Chosin Chibana was born in Shuri on June 5, 1886, into a modest family. As a boy, he worked in the fields to help with his family's livelihood. He attended Okinawa Prefectual Grammer School. In 1898, Chibana successfully met the requirements necessary to enter Okinawa Prefectural Daiich Middle School, but left school in mid-course in 1900 to become a student of the widely known authority of Karate, Ankoh Itotsu. Chibana devoted 13 years of his life to the study of Karate under Itotsu Sensei.
During this time, Chibana was a classmate to men like himself, who were to leave their mark on Karate across the world. Students studying under Itotsu Sensei with Chibana were Kenwa Mabuni, Choki Oshiro, and Masashige Shiromo, to just name a few. In 1920, Chibana Sensei opened two dojos, one in Shuri and one in Naha. Shortly before this time, Karate had been introduced to mainland Japan by several of Chibana's classmates, Kenwa Mabuni and Gichin Funakoshi. During this surge of interest in Karate, many Karatemen sought ways of making what they knew more appealing, but Chibana Sensei maintained that it would take him a lifetime to understand thoroughly what he had been taught by Itotsu Sensei. He devoted his life to this principle. He could often be heard sayging, "Karate is teaching Kata we have taken from forefathers without changing it at all." When the many changes were taking place in Karate with the naming of different systems by Ryu names, Chibana Sensei named his system Shorin-Ryu to denote that he was teaching exactly as he had been taught by Itotsu Sensei. While training his students, he also coached students at three universities in mainland Japan; Takushoku University, Tyo University and Nihon University, through explanation of military exercise before the Pacific War.
After the war when Okinawa had recovered from the destitution, Chibana Sensei started to teach again to those students who had not been killed in the war. Many of his top students served and died for the Japanese Imperial Army. Having devoted his life to teaching Karate and never having another vocation, in 1956 at the age of 71, he organized the Okinawa Karate Federation and took offfice as its first president. This was a big step for Chibana Sensei because the Okinawa Karate Federation was made up of main Ryus that had developed in Okinawa. In 1957, because of his efforts to unite Karate on Okinawa and his total dedication to Karate, he was given the degree of "Hanshi no Sogo" (Doctorial Master) by the Dai Nippon Butokukai. This was the highest rank ever given to any Karate insructor and no one has received this rank since. In 1960, he was awarded a special athletic prize by the Okinawa Times.
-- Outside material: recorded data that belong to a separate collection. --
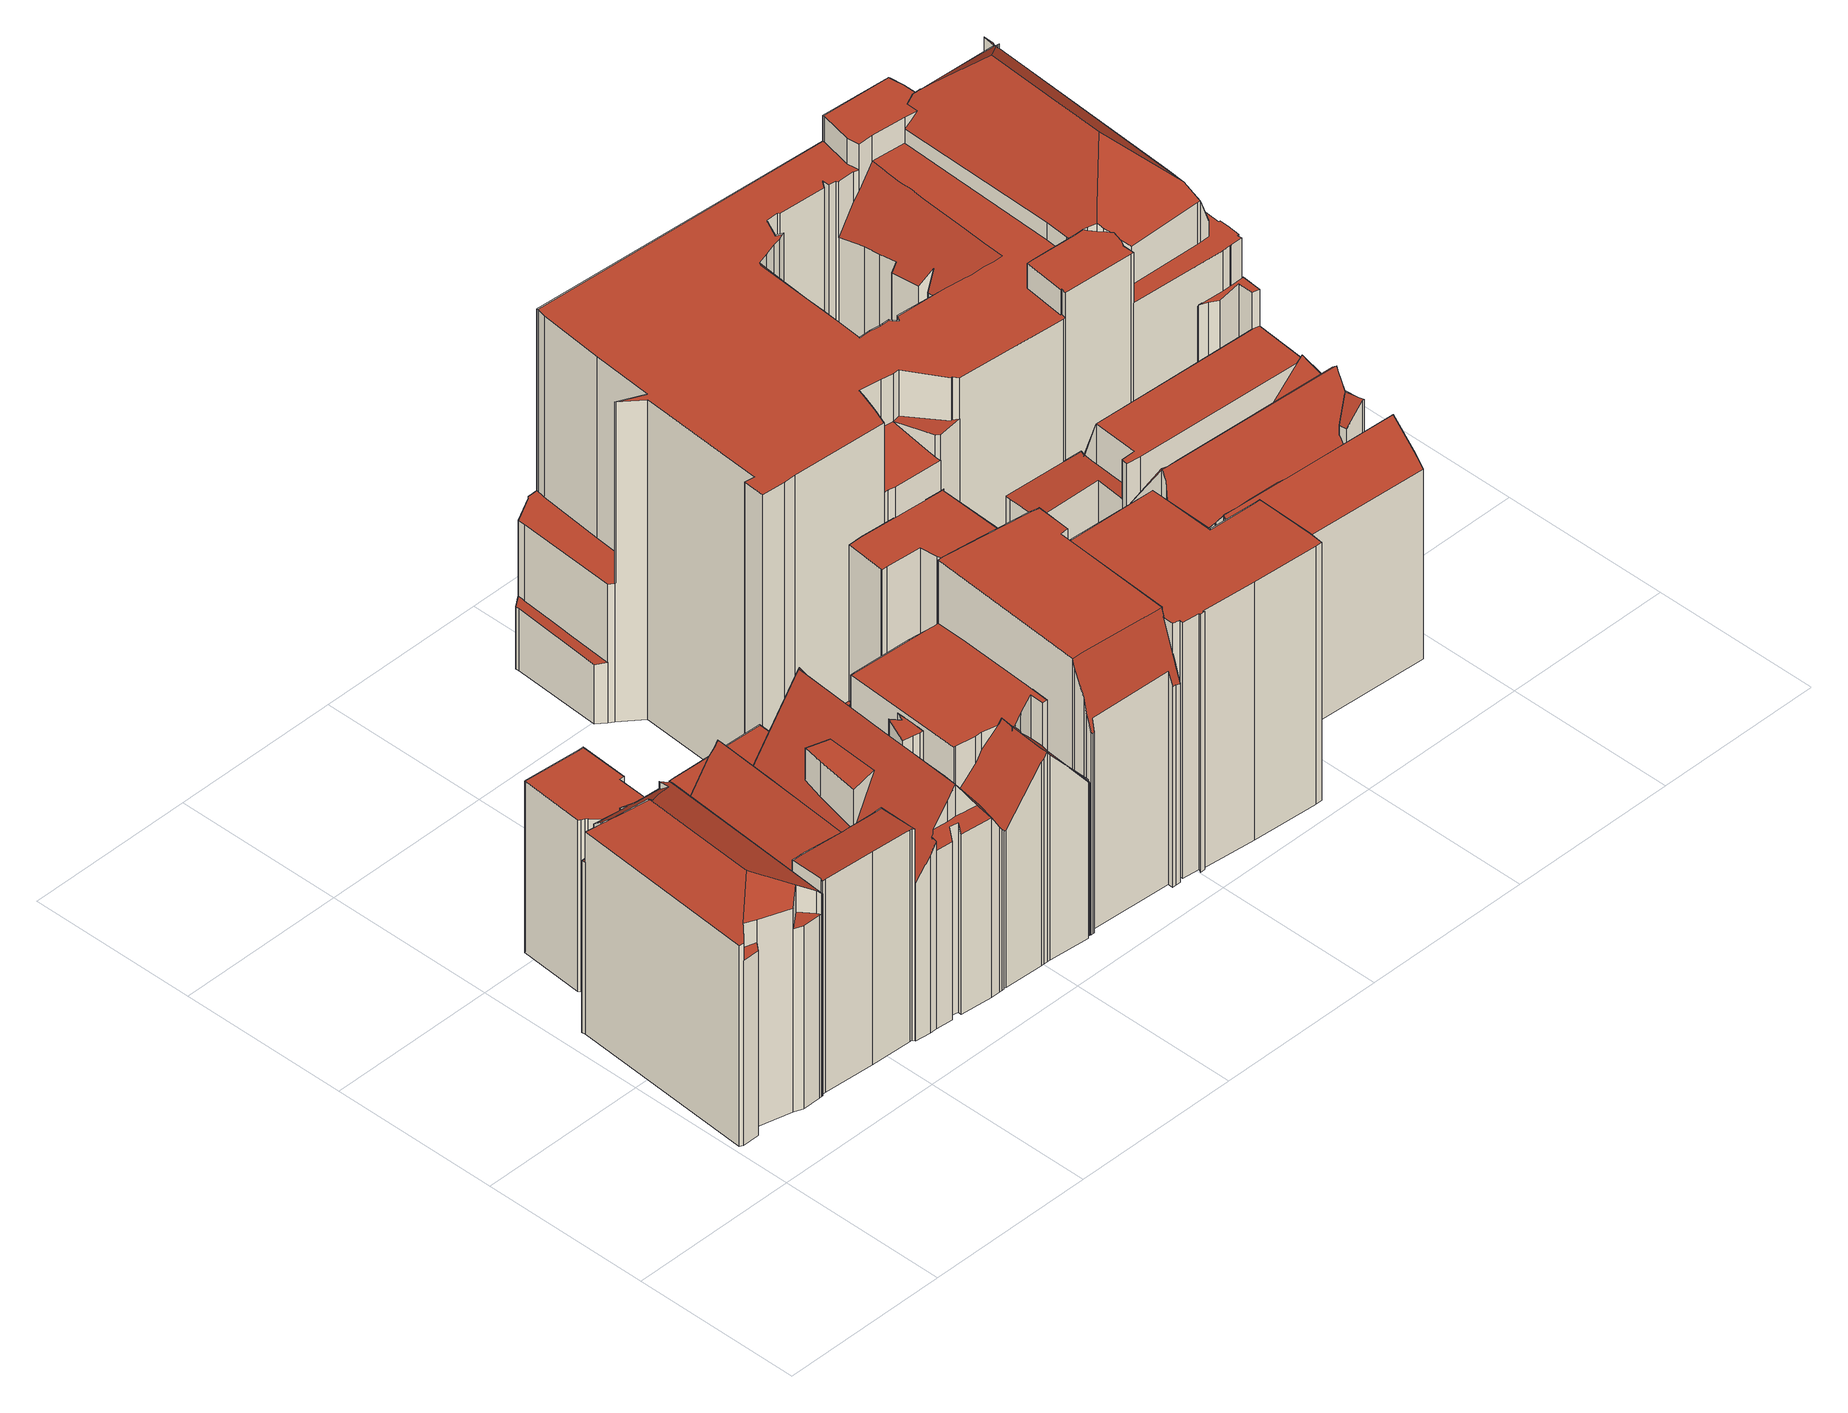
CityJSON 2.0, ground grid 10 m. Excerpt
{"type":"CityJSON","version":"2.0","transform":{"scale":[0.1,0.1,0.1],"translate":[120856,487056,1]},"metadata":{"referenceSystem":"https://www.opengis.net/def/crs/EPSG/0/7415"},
"CityObjects":{
"building1":{"type":"Building","attributes":{"dak_type":"slanted","data_area":65.52,"data_coverage":0.816,"geconstateerd":false,"gid":17598280,"h_dak_50p":14.44,"h_dak_70p":14.78,"h_dak_max":15.61,"h_dak_min":11.95,"h_maaiveld":1.33,"kas_warenhuis":false,"lod11_replace":false,"ondergronds_type":"above ground","oorspronkelijkbouwjaar":1005,"pw_actueel":"yes","pw_bron":"ahn3","reconstructie_methode":"tudelft3d-geoflow","reconstruction_skipped":false,"rmse_lod12":1.54,"rmse_lod13":2.24,"rmse_lod22":0.266,"rn":1,"status":"Pand in gebruik","t_run":149.98,"val3dity_codes_lod12":"[]","val3dity_codes_lod13":"[]","val3dity_codes_lod22":"[]"},"children":["building1-1"]},
"building1-1":{"type":"BuildingPart","parents":["building1"],"geometry":[{"type":"Solid","lod":"2.2","boundaries":[[[[0,1,2,3,4,5,6,7,8,9,10,11,12,13,14,15,16,17,18,19,20,21,22,23,24,25,26,27,28]],[[29,24,23,30]],[[30,23,22,31]],[[32,4,3,33]],[[34,35,33,36]],[[37,38,39]],[[40,5,4,32]],[[41,6,5,40,42]],[[43,44,45,46]],[[44,2,1,47]],[[36,33,3,2,44,43]],[[48,0,28,49]],[[50,10,9,51,52]],[[53,19,18,54]],[[31,22,21,55]],[[56,57,58,59]],[[59,58,11,10,50]],[[60,61,62,63,64]],[[65,27,26,66]],[[38,37,67]],[[64,63,68]],[[69,25,24,29]],[[70,69,61,60]],[[66,26,25,69,70]],[[55,21,20,71]],[[72,14,13,73]],[[73,13,12,74]],[[74,12,11,58]],[[75,8,7,76]],[[71,20,19,53]],[[42,40,35,34]],[[77,17,16,78]],[[79,76,7,6,41]],[[80,81,76,79]],[[82,83,81,80,84]],[[84,80,67]],[[51,9,8,75]],[[52,51,83,82]],[[85,15,14,72]],[[78,16,15,85]],[[86,87,49,88]],[[47,1,0,48]],[[46,45,87,86]],[[88,49,28,27,65]],[[63,62,57,56]],[[54,18,17,77]],[[34,36,43,46,89]],[[39,90,68,63,56,59,50,52,82,84,67,37]],[[35,40,32,33]],[[80,79,41,42,34,89,91,38,67]],[[81,83,51,75,76]],[[87,45,44,47,48,49]],[[46,86,88,65,66,70,60,64,68,90,39,38,91,89]],[[85,72,73,74,58,57,62,61,69,29,30,31,55,71,53,54,77,78]]]],"semantics":{"surfaces":[{"type":"GroundSurface"},{"type":"WallSurface","on_footprint_edge":true},{"type":"WallSurface","on_footprint_edge":false},{"type":"RoofSurface"}],"values":[[0,1,1,1,2,2,1,1,2,1,1,1,1,1,1,2,1,2,1,2,2,1,2,1,1,1,1,1,1,1,2,1,1,2,2,2,1,2,1,1,2,1,2,1,2,1,3,3,3,3,3,3,3,3]]}}]},
"building2":{"type":"Building","attributes":{"dak_type":"slanted","data_area":72.75,"data_coverage":0.829,"geconstateerd":false,"gid":17598282,"h_dak_50p":12,"h_dak_70p":13.24,"h_dak_max":14.94,"h_dak_min":6.49,"h_maaiveld":1.36,"kas_warenhuis":false,"lod11_replace":false,"ondergronds_type":"above ground","oorspronkelijkbouwjaar":1005,"pw_actueel":"yes","pw_bron":"ahn3","reconstructie_methode":"tudelft3d-geoflow","reconstruction_skipped":false,"rmse_lod12":3.55,"rmse_lod13":2.04,"rmse_lod22":0.108,"rn":1,"status":"Pand in gebruik","t_run":152.25,"val3dity_codes_lod12":"[]","val3dity_codes_lod13":"[]","val3dity_codes_lod22":"[]"},"children":["building2-1"]},
"building2-1":{"type":"BuildingPart","parents":["building2"],"geometry":[{"type":"Solid","lod":"2.2","boundaries":[[[[92,93,94,95,96,97,98,99,100,101,102,103,104,105,106,107,108,109,110,111,112,113,114,115,116,117,118,119,120,121,122,123]],[[124,125,112,111,126]],[[127,113,112,125]],[[128,95,94,129]],[[130,96,95,128,131]],[[132,100,99,133]],[[134,107,106,135]],[[136,130,137,138]],[[139,140,141,142]],[[143,117,116,144]],[[145,93,92,146]],[[142,141,147,148]],[[131,128,149,150]],[[151,115,114,152]],[[144,116,115,151]],[[153,109,108,154]],[[155,120,119,156]],[[157,103,102,158]],[[159,104,103,157]],[[160,161,162,163]],[[163,162,164,165]],[[135,106,105,164]],[[165,164,105,104,159]],[[158,102,101,166]],[[133,99,98,167]],[[167,98,97,168]],[[168,97,96,130,136]],[[146,92,123,169]],[[169,123,122,170]],[[156,119,118,171]],[[172,173,161,160]],[[126,111,110,174]],[[138,137,140,139]],[[171,118,117,143]],[[170,122,121,175]],[[175,121,120,155]],[[148,147,173,172]],[[129,94,93,145]],[[174,110,109,153]],[[176,177,178,179]],[[180,181,177,176]],[[182,183,125,124]],[[179,178,183,182]],[[150,149,184,185]],[[185,184,181,180]],[[154,108,107,134]],[[166,101,100,132]],[[152,114,113,127]],[[160,163,165,159,157,158,166,132,133,167,168,136,138,139,142,148,172]],[[183,178,177,181,184,149,128,129,145,146,169,170,175,155,156,171,143,144,151,152,127,125]],[[174,153,154,134,135,164,162,161,173,147,186,187,188,182,124,126]],[[176,179,182,188,187,186,147,141,140,137,130,131,150,185,180]]]],"semantics":{"surfaces":[{"type":"GroundSurface"},{"type":"WallSurface","on_footprint_edge":true},{"type":"WallSurface","on_footprint_edge":false},{"type":"RoofSurface"}],"values":[[0,1,1,1,1,1,1,2,2,1,1,2,2,1,1,1,1,1,1,2,2,1,1,1,1,1,1,1,1,1,2,1,2,1,1,1,2,1,1,2,2,2,2,2,2,1,1,1,3,3,3,3]]}}]},
"building3":{"type":"Building","attributes":{"dak_type":"slanted","data_area":75.03,"data_coverage":0.846,"geconstateerd":false,"gid":17598286,"h_dak_50p":13.26,"h_dak_70p":13.94,"h_dak_max":15.66,"h_dak_min":6.69,"h_maaiveld":1.33,"kas_warenhuis":false,"lod11_replace":false,"ondergronds_type":"above ground","oorspronkelijkbouwjaar":1005,"pw_actueel":"yes","pw_bron":"ahn3","reconstructie_methode":"tudelft3d-geoflow","reconstruction_skipped":false,"rmse_lod12":3.59,"rmse_lod13":1.12,"rmse_lod22":0.0891,"rn":1,"status":"Pand in gebruik","t_run":168.79,"val3dity_codes_lod12":"[]","val3dity_codes_lod13":"[]","val3dity_codes_lod22":"[]"},"children":["building3-1"]},
"building3-1":{"type":"BuildingPart","parents":["building3"],"geometry":[{"type":"Solid","lod":"2.2","boundaries":[[[[189,190,191,192,193,194,195,196,197,198,199,200,201,202,203,204,205,206,207,208,209,210,211,212,213,214,215,216,217,218,219,220,221,222,223,224,225,226,227,228]],[[229,209,208,230]],[[231,207,206,232]],[[233,234,235]],[[236,191,190,237]],[[238,199,198,239]],[[232,206,205,240]],[[241,227,226,242,243]],[[244,219,218,245]],[[246,211,210,247]],[[248,202,201,249]],[[250,192,191,236]],[[243,242,251]],[[237,190,189,252]],[[253,254,255,256]],[[257,258,249,259]],[[259,249,201,200,260]],[[256,255,216,215,261]],[[260,200,199,238]],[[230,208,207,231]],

In 1961, he seceded from the presidency of the Okinawa Karate Federation to devote more time to his disciples. At this time, he organized the Okinawa Shorin-Ryu Karate Association made up of his disciples. From this time, although 76 years old, he devoted all his energies to his followers. In February 1969, at the age of 84, Chibana Sensei passed away after a short illness, leaving behind him a life completely devoted to Karate and the almost impossible feat of having trained five of his disciples, Chozo Nakama, Katsuya Miyshira, Kensei Kinjo, Yucho Ku Higa, and Shugoro Nakazato, to the level of Kyudan (9th Degree) Karate Master.